Radical! Yeah I'm glad that there is a sense of searching in the music, that's definitely something I feel on my end. Neo-primitive vibes seem to pervade like-minded voyagers these days, but rather than just see it as some re-appropriation trend, I think it's a pretty hopeful sign. Most tuned-in people are sensing the sorts of resonances that are emerging and fundamentally re-ordering our existence. I think those that are staying alert, making sure to crest the wave, are already ecstatic in the ways they have found to re-order those energies for their benefit and the furthering of psychedelic and tuned-in living. Even the fact that bands like us are managing to put together a European tour is already a sign of the ways you can use this kind of reckless-mounting connectedness to spread out in a positive way that would not have been possible even five years ago. But I think keeping in that positive zone is getting harder and harder, and the build-up of really hostile and inhuman energies throughout those systems and the demands they make on the human mind require constant alertness.
How much do your live shows vary in terms of the vibe/material? More improvised and noise-based than say, the songs on Beach Head?
It was kind of a hard decision when I was trying to figure out how to do Sun Araw live, but I realized that to go back to the generative process in a live setting just couldn't take these jams into the fullness, the intended zones. So I had to go back to the recordings and strip them down to their essentials, and then make some cassette tape loops. William helps me out live, to get where I'm going, and we improvise in the modes that are established, to bring the ideas full circle. It's a deconstruction of the music into really basic or even cliched forms, and then flooding it with a psychedelic ethos of transcendence through repetition. But mostly, the records are about the vibrations, and live it's about feeling good. It's great to take these individual contemplations and infuse them with a heavy dose of brotherhood; then we're just pushing those same buttons over and over until something new comes out.
I love the tension that I find between organic textures and electric feelings, like, "Hey Mandala" on the Predator Vision split has a weird mix of the ravaged and calm/blissed out. Like swampy or beachy atmospheres inside a warehouse space or something. Is there anything in particular yr enjoying tapping into at the moment?
Yeah man! The images and situations which music evokes are really important, but also completely personal. Like everyone, I have really intense emotional relationships to albums because of where and when I've listened to them, and I cherish those relationships, but it's not something you can prescribe.
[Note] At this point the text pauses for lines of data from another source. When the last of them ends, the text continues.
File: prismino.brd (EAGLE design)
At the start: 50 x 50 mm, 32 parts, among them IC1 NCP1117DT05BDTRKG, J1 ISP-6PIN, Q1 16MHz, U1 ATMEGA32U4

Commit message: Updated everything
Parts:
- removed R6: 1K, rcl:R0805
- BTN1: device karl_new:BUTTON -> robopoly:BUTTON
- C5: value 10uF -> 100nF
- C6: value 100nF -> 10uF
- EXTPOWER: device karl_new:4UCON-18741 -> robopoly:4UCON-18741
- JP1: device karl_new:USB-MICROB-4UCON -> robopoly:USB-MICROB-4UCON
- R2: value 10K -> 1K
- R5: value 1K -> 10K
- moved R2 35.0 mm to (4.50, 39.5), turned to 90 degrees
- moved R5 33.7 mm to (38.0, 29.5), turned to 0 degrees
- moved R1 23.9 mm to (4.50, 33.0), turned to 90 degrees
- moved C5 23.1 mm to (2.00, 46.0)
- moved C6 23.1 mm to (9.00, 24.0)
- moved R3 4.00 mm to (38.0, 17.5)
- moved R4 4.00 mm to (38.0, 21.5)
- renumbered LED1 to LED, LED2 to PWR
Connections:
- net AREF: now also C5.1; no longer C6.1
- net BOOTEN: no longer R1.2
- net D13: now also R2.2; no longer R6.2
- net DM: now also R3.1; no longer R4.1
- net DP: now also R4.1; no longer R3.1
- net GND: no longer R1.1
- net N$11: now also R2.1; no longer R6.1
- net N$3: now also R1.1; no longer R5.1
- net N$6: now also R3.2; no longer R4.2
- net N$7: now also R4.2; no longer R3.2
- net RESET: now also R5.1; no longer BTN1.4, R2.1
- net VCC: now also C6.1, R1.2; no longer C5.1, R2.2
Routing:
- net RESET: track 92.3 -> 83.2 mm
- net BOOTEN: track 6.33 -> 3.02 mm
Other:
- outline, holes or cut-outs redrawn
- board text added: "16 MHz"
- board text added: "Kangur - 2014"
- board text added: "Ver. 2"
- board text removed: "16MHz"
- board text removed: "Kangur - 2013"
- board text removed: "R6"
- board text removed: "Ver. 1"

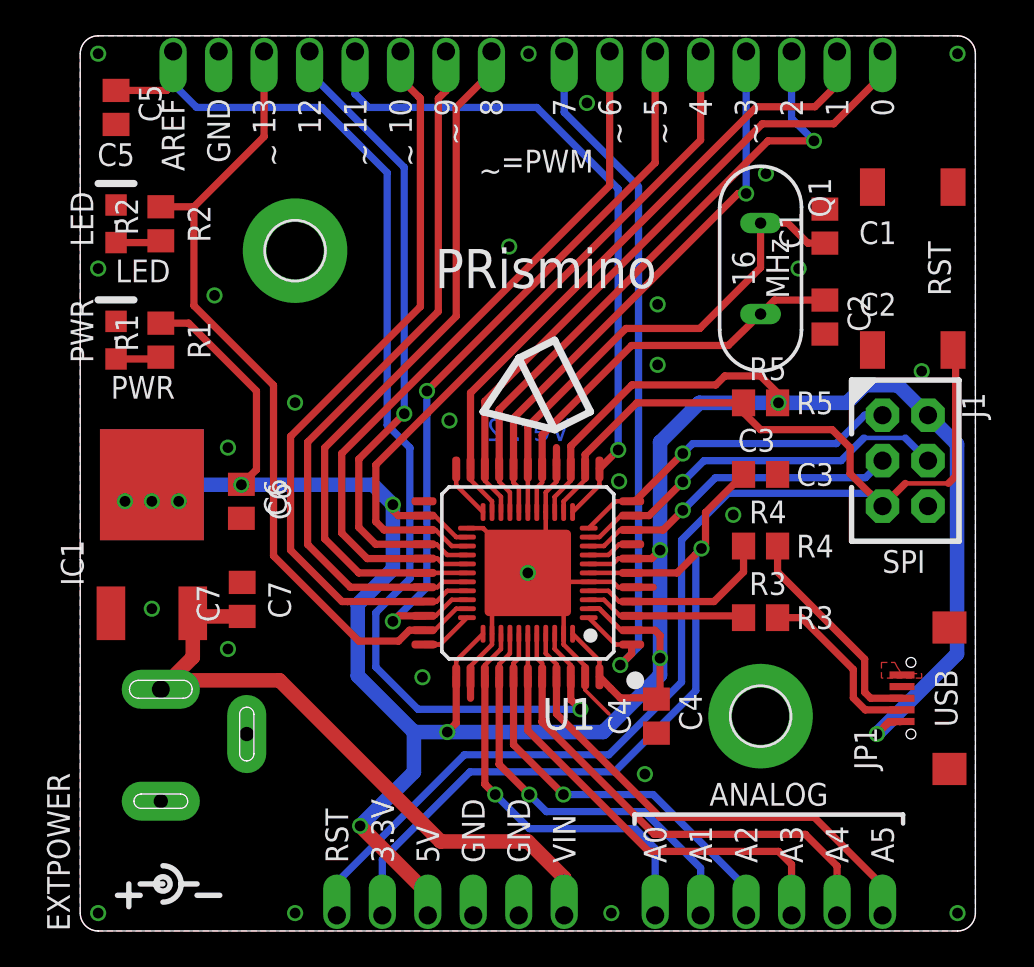
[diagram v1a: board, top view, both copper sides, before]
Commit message: Tested
The board was soldered, tested and proven to work. Some silkscreen
markings were corrected for aesthetics.
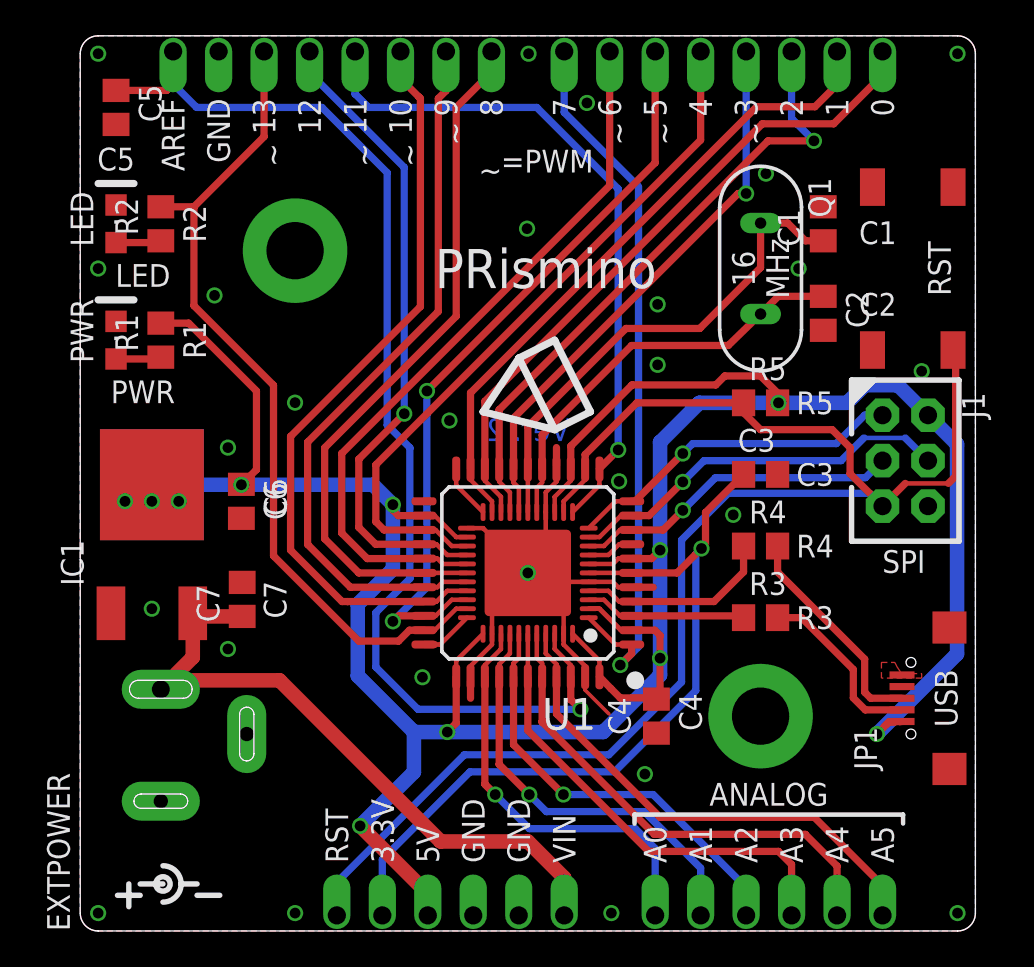
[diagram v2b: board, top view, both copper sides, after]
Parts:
- J1: device robopoly:2X3-NOSILK -> robopoly:2X3-NOSILK-STACK
- moved C2 0.23 mm to (41.5, 34.5)
- moved C1 0.16 mm to (41.5, 39.5)
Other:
- board text added: "2014-03-04"
- board text added: "Licence: CC-BY-SA"
- board text added: "Version: 2"
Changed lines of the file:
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@@
 <layer number="21" name="tPlace" color="7" fill="1" visible="yes" active="yes"/>
 <layer number="22" name="bPlace" color="7" fill="1" visible="yes" active="yes"/>
-<layer number="23" name="tOrigins" color="15" fill="1" visible="no" active="yes"/>
-<layer number="24" name="bOrigins" color="15" fill="1" visible="no" active="yes"/>
+<layer number="23" name="tOrigins" color="15" fill="1" visible="yes" active="yes"/>
+<layer number="24" name="bOrigins" color="15" fill="1" visible="yes" active="yes"/>
 <layer number="25" name="tNames" color="7" fill="1" visible="no" active="yes"/>
 <layer number="26" name="bNames" color="7" fill="1" visible="no" active="yes"/>
@@
 <layer number="220" name="220bmp" color="21" fill="1" visible="no" active="no"/>
 <layer number="221" name="221bmp" color="22" fill="1" visible="no" active="no"/>
-<layer number="222" name="222bmp" color="23" fill="1" visible="no" active="no"/>
 <layer number="223" name="223bmp" color="24" fill="1" visible="no" active="no"/>
 <layer number="224" name="224bmp" color="25" fill="1" visible="no" active="no"/>
@@
 <text x="15.812" y="44" size="1.27" layer="21" font="vector" ratio="12" rot="R270" align="center-left">~</text>
 <text x="10.732" y="44" size="1.27" layer="21" font="vector" ratio="12" rot="R270" align="center-left">~</text>
-<text x="3.5" y="37.5" size="1.27" layer="21" font="vector" ratio="12" align="top-center">LED</text>
-<text x="3.5" y="31" size="1.27" layer="21" font="vector" ratio="12" align="top-center">PWR</text>
+<text x="3.5" y="37.25" size="1.27" layer="21" font="vector" ratio="12" align="top-center">LED</text>
+<text x="3.5" y="30.75" size="1.27" layer="21" font="vector" ratio="12" align="top-center">PWR</text>
 <text x="30.75" y="12" size="1.27" layer="21" font="vector" ratio="12" rot="R90" align="bottom-center">C4</text>
 <text x="49" y="13" size="1.27" layer="21" font="vector" ratio="12" rot="R90" align="bottom-center">USB</text>
@@
 <text x="40" y="21.5" size="1.27" layer="21" font="vector" ratio="12" align="center-left">R4</text>
 <text x="40" y="17.5" size="1.27" layer="21" font="vector" ratio="12" align="center-left">R3</text>
-<text x="10.5" y="24" size="1.27" layer="21" font="vector" ratio="12" rot="R90" align="top-center">C6</text>
-<text x="10.5" y="18.5" size="1.27" layer="21" font="vector" ratio="12" rot="R90" align="top-center">C7</text>
-<text x="6" y="39.5" size="1.27" layer="21" font="vector" ratio="12" rot="R90" align="top-center">R2</text>
-<text x="6" y="33" size="1.27" layer="21" font="vector" ratio="12" rot="R90" align="top-center">R1</text>
+<text x="10.25" y="24" size="1.27" layer="21" font="vector" ratio="12" rot="R90" align="top-center">C6</text>
+<text x="10.25" y="18.5" size="1.27" layer="21" font="vector" ratio="12" rot="R90" align="top-center">C7</text>
+<text x="5.75" y="39.5" size="1.27" layer="21" font="vector" ratio="12" rot="R90" align="top-center">R2</text>
+<text x="5.75" y="33" size="1.27" layer="21" font="vector" ratio="12" rot="R90" align="top-center">R1</text>
 <wire x1="1" y1="35.25" x2="3" y2="35.25" width="0.4064" layer="21"/>
 <wire x1="1" y1="41.75" x2="3" y2="41.75" width="0.4064" layer="21"/>
@@
 <text x="17.888" y="46.2" size="1.27" layer="22" font="vector" ratio="12" rot="MR270" align="center-left">A10</text>
 <text x="12.808" y="46.2" size="1.27" layer="22" font="vector" ratio="12" rot="MR270" align="center-left">A11</text>
-<text x="2" y="44" size="1.27" layer="21" font="vector" ratio="12" align="top-center">C5</text>
+<text x="2" y="43.75" size="1.27" layer="21" font="vector" ratio="12" align="top-center">C5</text>
 <text x="48.625" y="37" size="1.27" layer="21" font="vector" ratio="12" rot="R90" align="bottom-center">RST</text>
 <wire x1="43.082" y1="27.77" x2="43.082" y2="30.77" width="0.3048" layer="21"/>
@@
 <vertex x="44.382" y="30.77"/>
 </polygon>
+<text x="0" y="-3" size="1.778" layer="48" font="vector" ratio="12">PRismino</text>
+<text x="50" y="-3" size="1.778" layer="48" font="vector" ratio="12" align="bottom-right">Version: 2</text>
+<text x="50" y="-6" size="1.27" layer="48" font="vector" ratio="12" align="bottom-right">2014-03-04</text>
+<text x="0" y="-6" size="1.27" layer="48" font="vector" ratio="12">http://robopoly.epfl.ch</text>
+<text x="0" y="-9" size="1.27" layer="48" font="vector" ratio="12">Licence: CC-BY-SA</text>
 </plain>
 <attributes>
@@
 <element name="LED" library="led" package="CHIPLED_0805" value="" x="2" y="39.5"/>
 <element name="JP1" library="robopoly" package="USB-MICROB-4UCON" value="USB4UCON" x="50" y="13" rot="R90"/>
-<element name="J1" library="robopoly" package="2X3-NOSILK" value="ISP-6PIN" x="46.082" y="26.27" rot="R270"/>
+<element name="J1" library="robopoly" package="2X3-NOSILK-STACK" value="ISP-6PIN" x="46.082" y="26.27" rot="R270"/>
 <element name="EXTPOWER" library="robopoly" package="4UCON-18741" value="4UCON-18741" x="4.5" y="0" rot="R90"/>
 <element name="H1" library="robopoly" package="3,2-PAD" value="MOUNT-PAD-ROUND3.2" x="38" y="12"/>
@@
 <element name="BTN1" library="robopoly" package="BUTTON" value="BUTTON" x="46.5" y="37" rot="R180"/>
 <element name="U1" library="robopoly" package="TQFP-44" value="ATMEGA32U4" x="25" y="20" rot="R180"/>
-<element name="C1" library="rcl" package="C0805" value="22pF" x="41.5925" y="39.37" rot="R90"/>
-<element name="C2" library="rcl" package="C0805" value="22pF" x="41.5925" y="34.29" rot="R270"/>
+<element name="C1" library="rcl" package="C0805" value="22pF" x="41.5" y="39.5" rot="R90"/>
+<element name="C2" library="rcl" package="C0805" value="22pF" x="41.5" y="34.5" rot="R270"/>
 <element name="U$4" library="robopoly" package="ROBOPOLY-LOGO-BOTTOM-BIG" value="ROBOPOLY-LOGOBOTTOM-BIG" x="25" y="31.75"/>
 <element name="U$5" library="robopoly" package="OPEN-HARDWARE-BOTTOM-SMALL" value="OPEN-HARDWARE-LOGOBOTTOM-SMALL" x="46" y="34"/>
@@
 <via x="32.25" y="35" extent="1-16" drill="0.6" shape="octagon"/>
 <via x="19.1125" y="14.1725" extent="1-16" drill="0.6" shape="octagon"/>
-<via x="23.9575" y="38.2275" extent="1-16" drill="0.6" shape="octagon"/>
+<via x="24.9575" y="39.2275" extent="1-16" drill="0.6" shape="octagon"/>
 <via x="36.4725" y="23.2425" extent="1-16" drill="0.6" shape="octagon"/>
 <via x="1" y="37" extent="1-16" drill="0.6" shape="octagon"/>
@@
 <wire x1="38" y1="37.0475" x2="38" y2="39.54" width="0.4064" layer="1"/>
 <wire x1="38" y1="39.54" x2="39.5175" y2="39.54" width="0.4064" layer="1"/>
-<wire x1="39.5175" y1="39.54" x2="40.6375" y2="38.42" width="0.4064" layer="1"/>
-<wire x1="40.6375" y1="38.42" x2="41.5925" y2="38.42" width="0.4064" layer="1"/>
+<wire x1="39.5175" y1="39.54" x2="40.5075" y2="38.55" width="0.4064" layer="1"/>
+<wire x1="40.5075" y1="38.55" x2="41.5" y2="38.55" width="0.4064" layer="1"/>
 </signal>
 <signal name="XTAL2">
@@
 <wire x1="36.195" y1="32.7025" x2="38" y2="34.46" width="0.4064" layer="1"/>
 <contactref element="C2" pad="1"/>
-<wire x1="38" y1="34.46" x2="38.78" y2="35.24" width="0.4064" layer="1"/>
-<wire x1="38.78" y1="35.24" x2="41.5925" y2="35.24" width="0.4064" layer="1"/>
 <contactref element="U1" pad="60"/>
 <wire x1="25.5" y1="23.4" x2="25.5" y2="24.75" width="0.254" layer="1"/>
@@
 <wire x1="25.8" y1="25.8" x2="25.8" y2="27.705" width="0.4064" layer="1"/>
 <wire x1="25.8" y1="27.705" x2="30.7975" y2="32.7025" width="0.4064" layer="1"/>
+<wire x1="38" y1="34.46" x2="38.99" y2="35.45" width="0.4064" layer="1"/>
+<wire x1="38.99" y1="35.45" x2="41.5" y2="35.45" width="0.4064" layer="1"/>
 </signal>
 <signal name="DM">

I think you put the vibes out there, shake 'em around, and hope people understand well enough to build a suitable environment around the record, but you can't control it or maybe you weren't clear enough. And I'm all for people creating their own zones anyhow. I guess I can say that the new record is definitely more of a night-time record, it's sort of themed around that space. Nights full of heavy deeds.
What are you working on next?
The new studio space has been named Sun Ark studios, and so I'm working on a 7” called “Sun Ark.” I had about a three-month spell after finishing “Heavy Deeds” where I didn't do much Sun Araw stuff, we were really working a lot on new Magic Lantern material. But since we got back from Europe I've been recording a lot, already starting to form basic patterns and structures for the next LP. Excitement city.